Richard Dawkins
Primary Mistakes Pt 2

Two weeks ago I started a series on the best ideas and primary mistakes of Richard Dawkins.

For those not familiar with his work Richard Dawkins is an English scientist specializing in evolutionary biology. He is also a committed atheist, one of the most high profile and outspoken atheists in the world.

As someone who is committed to the idea that people are free to pursue those beliefs they feel most deeply called to explore and embrace, I have no desire to try to persuade him or any other atheist that they should change their views.

But, (that famous word) while I acknowledge the possibility that atheists are correct, I do believe they may well be wrong. In either case my view is this. To the degree that humans are able to find an answer to this question, I would dearly like to know which of these two views of life is correct. Is there a unifying life and consciousness in the universe that is the foundation of all existence? Or is the universe essentially a dead, lifeless place filled with random explosions, equations, atoms, molecules and various types of radiation?  As Shakespeare put it so well, “…a tale full of sound and fury told by an idiot signifying nothing.”

To Dawkins’ credit, he acknowledges there is no way to prove that God does or does not exist. While he feels he has made the case the God probably does not exist in the way most believers say he does, Dawkins acknowledges the question of whether God exists or not is still an open question worthy of serious reflection.

In that context, let the exploration continue.
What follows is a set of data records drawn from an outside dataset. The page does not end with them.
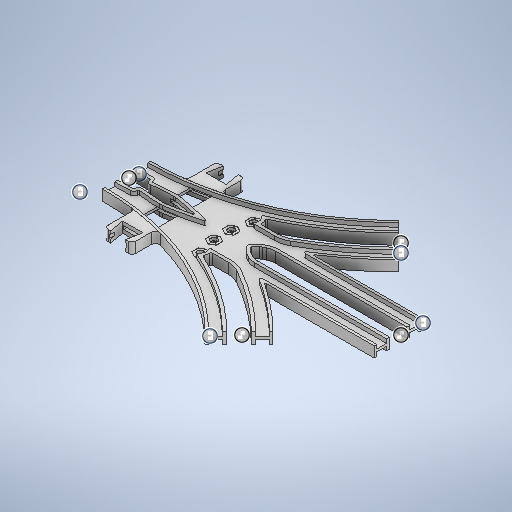
# Autodesk Inventor part: RR_SingleTurnout-all
Saved by Autodesk Inventor 2025.1 (Build 291241000, 241)
## iProperties
Created: 2025-03-05
Part Number: RR_SingleTurnout-all
Material: 一般
Document SubType Name: Modeling
Designer: kumagai
Density: 1 g/cm^3
Appearance: 既定
d0: 244.000 mm
d1: 10.000 mm
d2: 215.000 mm
d3: 5.000 mm
d4: 38.000 mm
d5: 18.600 mm
d6: 2.000 mm
d7: 2.400 mm
d8: 215.000 mm
d9: 45.00 deg
d11: 15.000 mm
d12: 15.000 mm
d13: 2.000 mm
d14: 0.00 deg
d15: 8.400 mm
d16: 0.00 deg
d17: 0.500 mm
d18: 1.000 mm
d19: 20.000 mm
d20: 15.000 mm
d23: 2.500 mm
d30: 5.000 mm
d32: 4.000 mm
d33: 3.000 mm
d34: 4.500 mm
d35: 2.400 mm
d36: 4.000 mm
d37: 1.000 mm
d38: 5.000 mm
d39: 19.000 mm
d41: 0.000 mm
d42: 0.000 mm
d43: 0.000 mm
d44: 0.000 mm
d45: 0.000 mm
d46: 0.000 mm
d47: 0.000 mm
d48: 0.000 mm
d49: 0.000 mm
d51: 5.000 mm
d52: 10.200 mm
d53: 0.300 mm
d55: 2.400 mm
d56: 10.000 mm
d57: 8.000 mm
d58: 0.300 mm
d59: 2.000 mm
d60: 5.000 mm
d62: 2.400 mm
d63: 1.200 mm
d65: 1.200 mm
d66: 42.200 mm
d67: 45.800 mm
TurnoutRadius: 215.000 mm
d40: 19.000 mm
d50: 10.200 mm
PrinterOffset: 0.000 mm
StraightLength: 215.000 mm
RailWidth: 38.000 mm
OuterWall: 2.000 mm
InnerWall: 2.400 mm
InsideWidth: 18.600 mm
RailHeight: 8.400 mm
RailDepth: 3.200 mm
ConnectorLength: 15.000 mm
JointMW1: 13.000 mm
JointMW2: 9.400 mm
JointMH: 9.000 mm
JointFW1: 13.300 mm
JointFW2: 9.600 mm
JointFH: 9.500 mm
DoubleWidth: 60.000 mm
ViaductHeight: 66.000 mm
SupportGap: 0.200 mm
SupportRib: 0.650 mm
JointRadius: 12.000 mm
JointRSLength: 15.000 mm
JointRSTP: 3.000 mm
RailThick: 2.000 mm
d100: 34.048 mm
d126: 0.081 mm
d174: -0.352 mm
d175: 0.482 mm
d178: 0.336 mm
d179: 0.374 mm
Author: kumagai
Autodesk Inventor part; units mm, degrees
ref_plane "YZ Plane" through (0, 0, 0) normal (1, 0, 0) x (0, 1, 0)
sketch "MainSketch" plane through (0, 0, 0) normal (0, 1, 0) x (-1, 0, 0)
  line L0 (0, -344.2613) -> (0, 286.2613) projected
  line L1 (-272.9287, 0) -> (62.5724, 0) projected
  line L2 (14.6437, -29) -> (-5, -29)
  line L3 (-5, -49.5106) -> (-5, -5.6416)
  line L4 (-5, -48) -> (0, -48)
  line L5 (-5, -10) -> (0, -10)
  line L6 (-5, -38.3) -> (0, -38.3)
  line L7 (-5, -19.7) -> (0, -19.7)
  line L8 (-5, -46) -> (0, -46)
  line L9 (-5, -35.9) -> (0, -35.9)
  line L10 (-5, -22.1) -> (0, -22.1)
  line L11 (-5, -12) -> (0, -12)
  line L12 (-10, -10) -> (-10, -29)
  line L13 (-225, -48) -> (-225, -29)
  line L14 (-120.9077, -19.7) -> (-225, -19.7)
  arc A0 (-10, -48) -> (-148.5929, -105.4071) centre (-10, -244) ccw
  arc A1 (-10, -46) -> (-150.0071, -103.9929) centre (-10, -244) ccw
  line L15 (-143.2215, -110.7785) -> (-189.5102, -64.4898)
  line L16 (-210, -35.9) -> (-210, -29)
  line L17 (-146.1596, -86.6272) -> (-155.9415, -76.8453)
  arc A2 (-133.8847, -47.8455) -> (-174.0488, -79.9512) centre (-10, -244) ccw
  arc A3 (-139.2229, -48.9168) -> (-175.463, -78.537) centre (-10, -244) ccw
  line L18 (-139.499, -48) -> (-225, -48)
  line L19 (-134.4186, -46) -> (-225, -46)
  arc A4 (-118.9103, -50.6657) -> (-166.907, -87.093) centre (-10, -244) ccw
  arc A5 (-120.0882, -48.5746) -> (-168.6041, -85.3959) centre (-10, -244) ccw
  line L20 (-94.2219, -46) -> (-110.2721, -46)
  arc A6 (-111.9271, -35.5897) -> (-114.1724, -36.7028) centre (-10, -244) ccw
  line L21 (-120.9077, -35.9) -> (-225, -35.9)
  line L22 (-120.9077, -38.3) -> (-225, -38.3)
  arc A7 (-133.8847, -47.8455) -> (-134.4186, -46) centre (-134.4186, -47) ccw
  arc A8 (-139.2229, -48.9168) -> (-139.499, -48) centre (-139.499, -48.5) ccw
  arc A9 (-110.2721, -48.4) -> (-118.9103, -50.6657) centre (-110.2721, -66) ccw
  arc A10 (-110.2721, -46) -> (-120.0882, -48.5746) centre (-110.2721, -66) ccw
  arc A11 (-120.9077, -38.3) -> (-114.1724, -36.7028) centre (-120.9077, -23.3) ccw
  arc A12 (-120.9077, -35.9) -> (-115.25, -34.5584) centre (-120.9077, -23.3) ccw
  arc A13 (-143.5264, -51.2283) -> (-148.5252, -54.7884) centre (-10, -244) ccw
  arc A14 (-112.9815, -33.4337) -> (-115.25, -34.5584) centre (-10, -244) ccw
  line L23 (-120.9077, -22.1) -> (-225, -22.1)
  circle A15 centre (-86.125, -22.2) radius 2.5
  arc A16 (-96.415, -52.9331) -> (-105.3417, -57.2273) centre (-10, -244) ccw
  arc A17 (-96.4922, -49.4759) -> (-95.7188, -53.2122) centre (-89.6121, -50) ccw
  arc A18 (-93.3838, -47.5455) -> (-92.1285, -53.7307) centre (-89.6121, -50) ccw
  arc A19 (-96.1897, -54.5879) -> (-157.1489, -96.8511) centre (-10, -244) ccw
  line L24 (-97.4893, -48.4) -> (-110.2721, -48.4)
  arc A20 (-92.2877, -55.4762) -> (-155.4519, -98.5481) centre (-10, -244) ccw
  arc A21 (-92.2877, -55.4762) -> (-92.1285, -53.7307) centre (-92.6877, -54.5597) ccw
  arc A22 (-93.3838, -47.5455) -> (-94.2219, -46) centre (-94.2219, -47) ccw
  arc A23 (-96.1897, -54.5879) -> (-95.7188, -53.2122) centre (-96.6039, -53.6777) ccw
  arc A24 (-96.4922, -49.4759) -> (-97.4893, -48.4) centre (-97.4893, -49.4) ccw
  circle A25 centre (-89.6121, -50) radius 2.5
  line L25 (-42.4799, -17.7596) -> (-25.8571, -19.9879)
  arc A26 (-25.9153, -20.5847) -> (-85.6348, -24.6515) centre (-40.1446, -252.1479) ccw
  arc A27 (-85.7928, -19.7222) -> (-85.6348, -24.6515) centre (-86.125, -22.2) ccw
  arc A28 (-25.9153, -20.5847) -> (-25.8571, -19.9879) centre (-25.8969, -20.2853) ccw
  arc A29 (-42.4799, -17.7596) -> (-76.3848, -20.5664) centre (-40.1446, -252.1479) ccw
  line L26 (-85.7928, -19.7222) -> (-79.2595, -20.598)
  arc A30 (-79.2595, -20.598) -> (-76.3848, -20.5664) centre (-77.9308, -10.6866) ccw
  circle A31 centre (-89.6121, -50) radius 4
  line L27 (-89.754, -46.0025) -> (-25.5965, -43.7259)
  arc A32 (-25.552, -44.3238) -> (-40.8225, -46.6677) centre (-3.1703, -241.0547) ccw
  arc A33 (-25.552, -44.3238) -> (-25.5965, -43.7259) centre (-25.5859, -44.0257) ccw
  arc A34 (-74.4895, -48.1141) -> (-87.9633, -53.6443) centre (-3.1703, -241.0547) ccw
  line L28 (-72.9332, -47.8071) -> (-40.8225, -46.6677)
  arc A35 (-72.9332, -47.8071) -> (-74.4895, -48.1141) centre (-72.7559, -52.804) ccw
  arc A36 (-44.0479, -18.9806) -> (-84.6326, -23.2308) centre (-40.1446, -252.1479) ccw
  arc A37 (-27.9859, -39.0878) -> (-44.4613, -41.2072) centre (-10, -244) ccw
  line L29 (-31.1334, -19.7) -> (-47.6548, -19.7)
  arc A38 (-10, -22.1) -> (-22.0271, -22.4262) centre (-10, -244) ccw
  arc A39 (-44.7432, -24.8368) -> (-62.9678, -28.5145) centre (-10, -244) ccw
  arc A40 (-10, -19.7) -> (-22.1572, -20.0297) centre (-10, -244) ccw
  arc A41 (-45.119, -22.4664) -> (-72.2793, -28.5197) centre (-10, -244) ccw
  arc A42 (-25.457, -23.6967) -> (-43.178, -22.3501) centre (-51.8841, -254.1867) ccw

Here is one of the primary mistakes I feel scientists like Dawkins are making. First they focus on conservative and mainstream/progressive Christian preachers and their doctrines. Sadly for these preachers and teachers it is fairly easy for Dawkins and his fellow atheists to pick apart their beliefs. While some conservative Christians fully understand how formidable a challenge Evolution and natural selection represents to their creed, unfortunately for them their response of Intelligent Design is so ridiculous they lose all credibility from any but the most ignorant and atavistic members of society. For a critique of Intelligent Design by an evangelical Christian and a leading Scientist please see the work of Frances Collins in “The Language of God.” Chapter Nine.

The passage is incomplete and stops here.